"Cheer up, watch funny shows, laugh heartily and you'll stay healthy!" It's ever-present advice, but it's wrong, wrong, wrong. We hear it all the time. If you're ill, spend a few days glued to the screen watching the exuberance of "Glee" and the laugh-out-loud comedy of "Seinfeld" reruns and, so goes the common wisdom, you'll have a speedy recovery. Or even better, stay cheery and you won't get sick in the first place. Unfortunately, there's no good scientific evidence for this sort of progression. Worse, this misconception draws attention away from the real relationships between happiness, health and long life. What does science really say?
On the face of it, the idea that an Elizabeth Edwards or any other brave person riddled with cancerous tumors could laugh away the disease -- that they would get better if only they tried really hard to cheer up -- is a form of magical thinking that is terribly implausible. Of course, someone will always offer up an example -- an anecdote of a miraculous recovery -- and there are indeed rare cases of a seemingly miraculous healing. But for every miracle, millions of brave patients succumb. Was it because they did not laugh enough?
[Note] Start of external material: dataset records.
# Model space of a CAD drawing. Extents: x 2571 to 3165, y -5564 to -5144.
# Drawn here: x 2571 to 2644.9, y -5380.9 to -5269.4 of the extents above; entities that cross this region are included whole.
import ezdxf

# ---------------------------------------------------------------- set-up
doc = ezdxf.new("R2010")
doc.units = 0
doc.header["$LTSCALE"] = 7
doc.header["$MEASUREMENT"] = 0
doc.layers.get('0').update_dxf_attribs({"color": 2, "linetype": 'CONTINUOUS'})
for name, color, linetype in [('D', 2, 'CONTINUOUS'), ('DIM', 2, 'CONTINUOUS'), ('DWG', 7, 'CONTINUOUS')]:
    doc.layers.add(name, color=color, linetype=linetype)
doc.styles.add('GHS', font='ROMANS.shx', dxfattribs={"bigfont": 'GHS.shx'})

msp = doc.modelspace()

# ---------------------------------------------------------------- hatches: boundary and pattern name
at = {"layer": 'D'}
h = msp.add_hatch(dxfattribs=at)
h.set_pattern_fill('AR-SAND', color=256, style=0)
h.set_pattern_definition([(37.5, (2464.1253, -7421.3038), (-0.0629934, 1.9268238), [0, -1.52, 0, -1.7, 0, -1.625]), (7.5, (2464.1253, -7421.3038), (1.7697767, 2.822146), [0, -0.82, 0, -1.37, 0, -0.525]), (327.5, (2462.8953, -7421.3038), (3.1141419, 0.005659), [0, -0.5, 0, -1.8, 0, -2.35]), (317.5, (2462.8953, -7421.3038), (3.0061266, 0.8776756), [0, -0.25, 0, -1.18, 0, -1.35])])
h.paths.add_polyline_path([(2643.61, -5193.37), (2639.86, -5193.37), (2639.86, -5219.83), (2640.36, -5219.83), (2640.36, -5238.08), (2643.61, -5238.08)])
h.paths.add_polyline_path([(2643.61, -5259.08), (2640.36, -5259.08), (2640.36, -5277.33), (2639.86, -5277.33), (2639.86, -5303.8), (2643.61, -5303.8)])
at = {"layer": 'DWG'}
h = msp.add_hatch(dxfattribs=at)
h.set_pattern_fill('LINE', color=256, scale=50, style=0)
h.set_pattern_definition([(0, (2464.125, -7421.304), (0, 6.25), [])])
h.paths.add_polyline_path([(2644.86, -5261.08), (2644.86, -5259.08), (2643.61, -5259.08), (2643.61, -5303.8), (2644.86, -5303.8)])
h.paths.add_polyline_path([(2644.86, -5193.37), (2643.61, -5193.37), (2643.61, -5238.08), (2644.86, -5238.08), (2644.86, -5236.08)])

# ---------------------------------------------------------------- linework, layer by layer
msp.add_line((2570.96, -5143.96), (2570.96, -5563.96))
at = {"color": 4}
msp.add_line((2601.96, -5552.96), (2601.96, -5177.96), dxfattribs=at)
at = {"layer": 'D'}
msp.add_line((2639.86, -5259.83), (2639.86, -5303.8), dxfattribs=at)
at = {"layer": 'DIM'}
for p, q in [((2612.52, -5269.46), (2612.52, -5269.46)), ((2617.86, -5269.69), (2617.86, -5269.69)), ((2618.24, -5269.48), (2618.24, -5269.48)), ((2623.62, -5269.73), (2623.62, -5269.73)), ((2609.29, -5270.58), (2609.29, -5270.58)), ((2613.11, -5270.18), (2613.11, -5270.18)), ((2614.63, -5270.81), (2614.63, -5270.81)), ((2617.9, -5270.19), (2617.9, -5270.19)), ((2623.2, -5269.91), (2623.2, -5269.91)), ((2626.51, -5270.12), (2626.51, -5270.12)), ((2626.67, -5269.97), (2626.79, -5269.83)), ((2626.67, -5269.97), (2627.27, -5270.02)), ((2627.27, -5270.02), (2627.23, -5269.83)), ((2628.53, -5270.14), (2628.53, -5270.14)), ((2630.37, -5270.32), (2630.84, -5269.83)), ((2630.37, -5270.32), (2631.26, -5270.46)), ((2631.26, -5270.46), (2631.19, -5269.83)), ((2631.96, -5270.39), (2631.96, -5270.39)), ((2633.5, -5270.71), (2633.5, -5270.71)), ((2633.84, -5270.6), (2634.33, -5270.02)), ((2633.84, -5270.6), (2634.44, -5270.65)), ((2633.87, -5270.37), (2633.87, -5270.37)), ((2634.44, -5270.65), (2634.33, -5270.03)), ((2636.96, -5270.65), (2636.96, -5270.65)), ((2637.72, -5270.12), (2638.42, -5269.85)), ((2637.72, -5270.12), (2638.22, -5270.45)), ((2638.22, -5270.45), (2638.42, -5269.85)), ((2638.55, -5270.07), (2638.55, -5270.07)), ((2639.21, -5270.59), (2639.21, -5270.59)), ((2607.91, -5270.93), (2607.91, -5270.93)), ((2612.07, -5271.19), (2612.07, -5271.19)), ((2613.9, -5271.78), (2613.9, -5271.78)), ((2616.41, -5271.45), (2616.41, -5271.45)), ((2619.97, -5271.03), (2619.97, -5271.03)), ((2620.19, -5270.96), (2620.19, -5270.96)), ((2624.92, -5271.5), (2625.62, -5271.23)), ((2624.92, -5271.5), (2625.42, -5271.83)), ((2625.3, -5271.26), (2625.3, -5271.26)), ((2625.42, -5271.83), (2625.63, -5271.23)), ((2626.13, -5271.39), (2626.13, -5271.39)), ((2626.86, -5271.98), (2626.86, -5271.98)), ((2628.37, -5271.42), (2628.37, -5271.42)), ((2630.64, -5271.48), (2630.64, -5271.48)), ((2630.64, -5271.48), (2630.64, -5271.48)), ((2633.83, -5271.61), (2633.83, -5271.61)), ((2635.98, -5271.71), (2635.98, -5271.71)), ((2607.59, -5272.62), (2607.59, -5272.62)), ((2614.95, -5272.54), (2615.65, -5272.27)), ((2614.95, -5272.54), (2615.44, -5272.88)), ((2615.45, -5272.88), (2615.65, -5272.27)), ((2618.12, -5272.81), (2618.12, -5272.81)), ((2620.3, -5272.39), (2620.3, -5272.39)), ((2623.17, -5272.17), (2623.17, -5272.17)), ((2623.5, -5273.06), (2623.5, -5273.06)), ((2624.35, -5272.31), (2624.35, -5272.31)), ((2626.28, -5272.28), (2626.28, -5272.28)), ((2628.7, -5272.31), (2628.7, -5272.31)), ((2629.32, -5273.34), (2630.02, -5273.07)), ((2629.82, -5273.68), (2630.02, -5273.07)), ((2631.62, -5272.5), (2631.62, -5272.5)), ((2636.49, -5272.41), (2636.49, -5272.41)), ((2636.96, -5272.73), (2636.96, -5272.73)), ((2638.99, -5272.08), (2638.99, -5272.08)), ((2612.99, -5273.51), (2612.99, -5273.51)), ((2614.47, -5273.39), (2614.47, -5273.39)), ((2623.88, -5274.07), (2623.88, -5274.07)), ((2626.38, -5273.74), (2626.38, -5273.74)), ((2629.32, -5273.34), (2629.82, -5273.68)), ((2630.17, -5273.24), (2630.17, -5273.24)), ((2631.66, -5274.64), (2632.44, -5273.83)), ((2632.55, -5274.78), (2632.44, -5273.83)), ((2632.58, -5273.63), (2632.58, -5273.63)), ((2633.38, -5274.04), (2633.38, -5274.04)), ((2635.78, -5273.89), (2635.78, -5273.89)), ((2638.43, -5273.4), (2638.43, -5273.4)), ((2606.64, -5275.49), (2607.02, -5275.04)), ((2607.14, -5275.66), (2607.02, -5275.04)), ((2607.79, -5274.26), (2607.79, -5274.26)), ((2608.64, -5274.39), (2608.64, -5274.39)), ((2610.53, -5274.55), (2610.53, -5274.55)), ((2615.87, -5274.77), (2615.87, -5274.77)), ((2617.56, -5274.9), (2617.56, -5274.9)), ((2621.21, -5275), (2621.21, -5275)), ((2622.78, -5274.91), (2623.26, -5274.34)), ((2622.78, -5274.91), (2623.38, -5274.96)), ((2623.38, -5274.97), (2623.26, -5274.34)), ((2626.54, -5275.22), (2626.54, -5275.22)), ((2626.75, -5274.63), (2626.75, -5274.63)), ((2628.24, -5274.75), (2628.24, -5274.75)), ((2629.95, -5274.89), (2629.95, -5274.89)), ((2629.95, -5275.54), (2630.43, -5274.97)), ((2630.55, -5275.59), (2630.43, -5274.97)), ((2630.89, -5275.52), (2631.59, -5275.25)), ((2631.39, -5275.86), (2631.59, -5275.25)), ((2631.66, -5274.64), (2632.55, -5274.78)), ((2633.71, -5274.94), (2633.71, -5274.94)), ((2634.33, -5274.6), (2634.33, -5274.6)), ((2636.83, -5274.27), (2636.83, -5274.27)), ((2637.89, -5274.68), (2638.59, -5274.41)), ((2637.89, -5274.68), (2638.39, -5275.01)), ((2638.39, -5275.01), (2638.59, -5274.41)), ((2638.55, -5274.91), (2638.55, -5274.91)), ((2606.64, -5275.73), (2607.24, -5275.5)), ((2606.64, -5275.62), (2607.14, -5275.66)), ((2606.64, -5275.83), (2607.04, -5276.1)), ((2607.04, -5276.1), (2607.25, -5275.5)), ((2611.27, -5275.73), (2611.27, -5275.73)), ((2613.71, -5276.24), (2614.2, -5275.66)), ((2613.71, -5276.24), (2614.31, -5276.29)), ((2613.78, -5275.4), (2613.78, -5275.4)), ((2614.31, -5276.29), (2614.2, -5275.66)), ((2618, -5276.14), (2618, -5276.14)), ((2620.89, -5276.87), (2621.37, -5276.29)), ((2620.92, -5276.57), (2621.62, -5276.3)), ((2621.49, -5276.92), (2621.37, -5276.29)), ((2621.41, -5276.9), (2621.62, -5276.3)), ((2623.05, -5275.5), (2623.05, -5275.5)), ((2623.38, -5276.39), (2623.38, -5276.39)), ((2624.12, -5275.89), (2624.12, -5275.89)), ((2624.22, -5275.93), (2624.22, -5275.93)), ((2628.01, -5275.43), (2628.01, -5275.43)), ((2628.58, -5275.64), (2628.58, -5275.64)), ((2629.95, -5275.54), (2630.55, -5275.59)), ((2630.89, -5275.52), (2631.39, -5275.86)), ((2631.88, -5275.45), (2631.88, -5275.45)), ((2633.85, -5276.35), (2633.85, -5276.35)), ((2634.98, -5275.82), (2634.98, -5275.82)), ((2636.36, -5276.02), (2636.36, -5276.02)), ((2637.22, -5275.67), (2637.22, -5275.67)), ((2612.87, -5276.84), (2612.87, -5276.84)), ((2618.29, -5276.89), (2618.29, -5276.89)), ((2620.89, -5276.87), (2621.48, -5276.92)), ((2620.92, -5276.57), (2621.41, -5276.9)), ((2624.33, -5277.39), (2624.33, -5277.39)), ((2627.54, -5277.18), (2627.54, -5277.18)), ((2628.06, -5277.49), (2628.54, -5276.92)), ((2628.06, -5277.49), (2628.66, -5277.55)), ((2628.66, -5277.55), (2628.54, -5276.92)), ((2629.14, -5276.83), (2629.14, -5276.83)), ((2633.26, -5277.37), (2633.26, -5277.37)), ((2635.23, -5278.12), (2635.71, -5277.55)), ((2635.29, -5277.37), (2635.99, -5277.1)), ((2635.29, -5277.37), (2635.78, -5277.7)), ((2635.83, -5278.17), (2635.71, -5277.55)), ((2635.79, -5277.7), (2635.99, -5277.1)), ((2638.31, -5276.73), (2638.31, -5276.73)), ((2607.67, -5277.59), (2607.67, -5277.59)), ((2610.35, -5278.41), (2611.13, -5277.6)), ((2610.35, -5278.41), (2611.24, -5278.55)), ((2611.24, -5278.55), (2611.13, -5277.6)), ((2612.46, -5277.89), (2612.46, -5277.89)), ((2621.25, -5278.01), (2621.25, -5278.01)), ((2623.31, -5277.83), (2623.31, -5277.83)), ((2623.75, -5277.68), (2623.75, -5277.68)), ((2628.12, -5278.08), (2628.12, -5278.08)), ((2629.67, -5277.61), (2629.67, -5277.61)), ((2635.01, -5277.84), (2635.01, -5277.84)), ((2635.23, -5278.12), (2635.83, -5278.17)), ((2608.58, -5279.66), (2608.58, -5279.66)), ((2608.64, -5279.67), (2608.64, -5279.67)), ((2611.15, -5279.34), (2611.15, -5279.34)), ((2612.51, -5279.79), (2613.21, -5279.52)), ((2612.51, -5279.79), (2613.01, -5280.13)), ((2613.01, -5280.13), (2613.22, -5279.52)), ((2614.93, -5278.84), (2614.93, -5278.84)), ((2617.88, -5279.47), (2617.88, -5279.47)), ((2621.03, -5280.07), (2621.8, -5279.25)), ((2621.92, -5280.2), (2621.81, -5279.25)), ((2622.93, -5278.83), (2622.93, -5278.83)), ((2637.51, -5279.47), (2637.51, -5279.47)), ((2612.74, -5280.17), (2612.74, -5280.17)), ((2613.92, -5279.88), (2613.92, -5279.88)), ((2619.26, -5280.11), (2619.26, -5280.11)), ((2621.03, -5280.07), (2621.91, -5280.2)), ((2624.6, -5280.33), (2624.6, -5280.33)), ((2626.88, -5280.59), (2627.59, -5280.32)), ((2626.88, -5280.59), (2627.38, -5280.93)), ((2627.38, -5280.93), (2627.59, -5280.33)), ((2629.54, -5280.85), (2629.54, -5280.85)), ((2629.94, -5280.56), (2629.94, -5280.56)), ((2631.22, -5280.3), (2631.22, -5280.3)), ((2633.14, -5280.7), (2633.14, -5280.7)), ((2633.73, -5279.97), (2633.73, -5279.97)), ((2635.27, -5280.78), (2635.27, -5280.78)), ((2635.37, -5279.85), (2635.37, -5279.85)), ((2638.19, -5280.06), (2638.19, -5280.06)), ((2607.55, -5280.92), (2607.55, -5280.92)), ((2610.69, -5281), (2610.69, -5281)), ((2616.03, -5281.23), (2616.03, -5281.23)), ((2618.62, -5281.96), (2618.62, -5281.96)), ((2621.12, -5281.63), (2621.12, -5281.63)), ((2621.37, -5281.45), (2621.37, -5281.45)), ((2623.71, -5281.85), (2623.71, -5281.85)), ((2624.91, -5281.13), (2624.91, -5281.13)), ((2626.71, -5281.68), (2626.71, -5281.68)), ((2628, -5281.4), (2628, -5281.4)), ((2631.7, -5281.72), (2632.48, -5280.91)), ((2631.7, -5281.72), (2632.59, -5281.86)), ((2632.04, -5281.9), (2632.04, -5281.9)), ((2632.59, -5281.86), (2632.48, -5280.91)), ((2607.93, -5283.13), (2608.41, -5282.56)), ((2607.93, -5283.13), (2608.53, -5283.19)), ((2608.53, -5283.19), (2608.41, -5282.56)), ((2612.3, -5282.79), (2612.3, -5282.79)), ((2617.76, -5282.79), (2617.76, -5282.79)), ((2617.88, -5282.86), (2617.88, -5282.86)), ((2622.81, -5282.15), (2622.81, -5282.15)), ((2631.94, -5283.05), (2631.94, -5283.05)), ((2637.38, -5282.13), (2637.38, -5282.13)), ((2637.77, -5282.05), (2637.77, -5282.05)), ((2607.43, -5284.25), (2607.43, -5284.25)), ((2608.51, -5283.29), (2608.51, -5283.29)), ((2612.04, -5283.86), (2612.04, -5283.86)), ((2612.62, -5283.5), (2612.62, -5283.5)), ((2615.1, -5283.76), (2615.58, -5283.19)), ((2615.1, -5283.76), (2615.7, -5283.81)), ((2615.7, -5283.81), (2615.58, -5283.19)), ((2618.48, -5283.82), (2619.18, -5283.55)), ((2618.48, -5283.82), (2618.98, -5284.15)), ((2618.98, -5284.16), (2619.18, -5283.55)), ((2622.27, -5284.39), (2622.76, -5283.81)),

Could good cheer open clogged arteries, release insulin to a diabetic or repair a diseased kidney? Not based on any good scientific studies that I've ever read (and I've read thousands of studies). Well, how about helping us fight the common cold, which is self-limiting, and from which almost everyone soon recovers, whether they are watching "Seinfeld," "Glee," a vampire show or "PBS NewsHour"? OK, I'll grant that perhaps a TV diet of "Grey's Anatomy," "House," and "Private Practice" might improve your medical astuteness, but that's hardly a case of cheery self-healing.
The false idea that good cheer is the key to good health arises from the very common observation that contented people are often healthy people. This is undoubtedly true. It has been documented in many ways in many studies. Of course, it is also true that healthy people tend to be happier than people careening from one health problem to another. So, is happiness causing good health, or is good health causing happiness? Most of the time, neither is correct.
Because happiness is associated with good health, some scientists looked around for causal links in human biology; that is, they searched for the hormones and blood cells that might account for this correlation. There, in plain sight for happiness researchers, were striking discoveries made by neuroscientists in the 1970s and '80s, namely the findings that the immune system can be affected by hormones associated with emotions. In fact the hormones associated with stress are a key component of immune system responses. Voilà, a light bulb went on: Maybe good cheer revs up the immune system and knocks out those nasty cancer cells and cholesterol clots! Not so fast.
There's a problem. I hate to be the one to switch off the voilà light bulb, but the evidence is slim to nonexistent that people who cheer themselves up will boost their immunity, beat back their cancers and atherosclerosis, and thereby live long, healthy lives. It's true that pieces of this process have been documented in rats, and occasionally in primates like monkeys, but I always wonder how one measures the happiness of rats! And anyway, rats do not watch "Seinfeld," and even monkeys do not watch "Glee."
So why are happy people healthier if their happiness is not affecting their health? I and my research collaborators have been looking at this issue for the past twenty years, as part of a detailed scientific study we call The Longevity Project. Following over 1,500 Americans across many decades, we have found that the same behaviors, personalities, friendships and careers that make you happy are the ones that help you stay healthy.
Happiness did not emerge as the cause of good health and long life. Instead, happiness and health were both results of certain patterns of living. We found that there are many things that you can do to simultaneously promote your happiness and your health (perhaps joining a glee club?), but laughing at your TV screen is definitely not one of them. Just as the amount of news that happens in the world every day always exactly fits the newspaper, it is also true that the links between happiness and health are not what they first seem. If you are interested in seeing the details and mapping the contours of your own life's trajectory, we provide self-quizzes and plenty of real-life examples in our book on The Longevity Project.
The striking scientific findings in The Longevity Project upend the common advice from the lands of laugh therapy, self-esteem clinics and highly indulgent parents. In fact, worrying turned out to be a very good thing. Many of the boys, girls, men and women we studied for so many years were happy and healthy because of the meaningful lives they led -- that is, lives full of dedicated work, genuine friends and dependable lifestyles. And yes, the accompanying stressful challenges were part of the secret. Laughter and pleasure from the joys of accomplishment and involvement turned out to be an indicator of good health. But watching the funniest TV shows all evening while you sit and snack is definitely not the ticket to health. "Cheer up and live long" is a dead-end myth.